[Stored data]
== Segment start ==
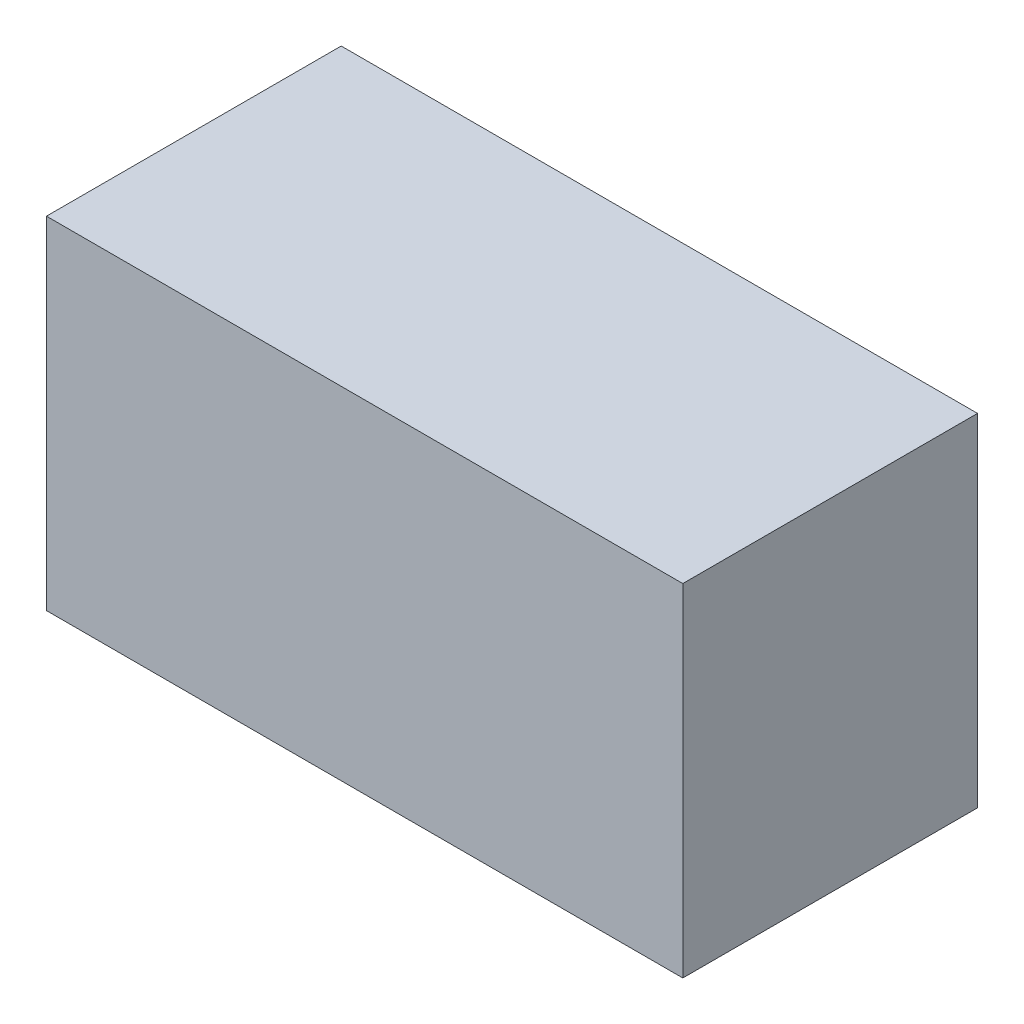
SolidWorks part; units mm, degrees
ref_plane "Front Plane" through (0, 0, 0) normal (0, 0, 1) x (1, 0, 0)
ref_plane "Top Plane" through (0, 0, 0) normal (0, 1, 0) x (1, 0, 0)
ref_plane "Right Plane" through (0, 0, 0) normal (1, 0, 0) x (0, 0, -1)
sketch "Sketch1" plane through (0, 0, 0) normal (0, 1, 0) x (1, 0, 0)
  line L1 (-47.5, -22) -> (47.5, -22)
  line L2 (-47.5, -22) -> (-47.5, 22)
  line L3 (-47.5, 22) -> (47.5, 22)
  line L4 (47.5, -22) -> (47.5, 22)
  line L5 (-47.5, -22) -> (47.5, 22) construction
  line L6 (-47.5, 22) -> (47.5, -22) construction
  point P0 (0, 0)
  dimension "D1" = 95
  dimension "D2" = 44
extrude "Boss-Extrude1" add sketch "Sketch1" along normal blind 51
== Segment end ==
◆ **About this exercise**:
Look above for the line containing "0) x (0, 0, -1)". From there to the final line of the entries, repeat every line exactly.

◆ **Response to the exercise**:
ref_plane "Right Plane" through (0, 0, 0) normal (1, 0, 0) x (0, 0, -1)
sketch "Sketch1" plane through (0, 0, 0) normal (0, 1, 0) x (1, 0, 0)
  line L1 (-47.5, -22) -> (47.5, -22)
  line L2 (-47.5, -22) -> (-47.5, 22)
  line L3 (-47.5, 22) -> (47.5, 22)
  line L4 (47.5, -22) -> (47.5, 22)
  line L5 (-47.5, -22) -> (47.5, 22) construction
  line L6 (-47.5, 22) -> (47.5, -22) construction
  point P0 (0, 0)
  dimension "D1" = 95
  dimension "D2" = 44
extrude "Boss-Extrude1" add sketch "Sketch1" along normal blind 51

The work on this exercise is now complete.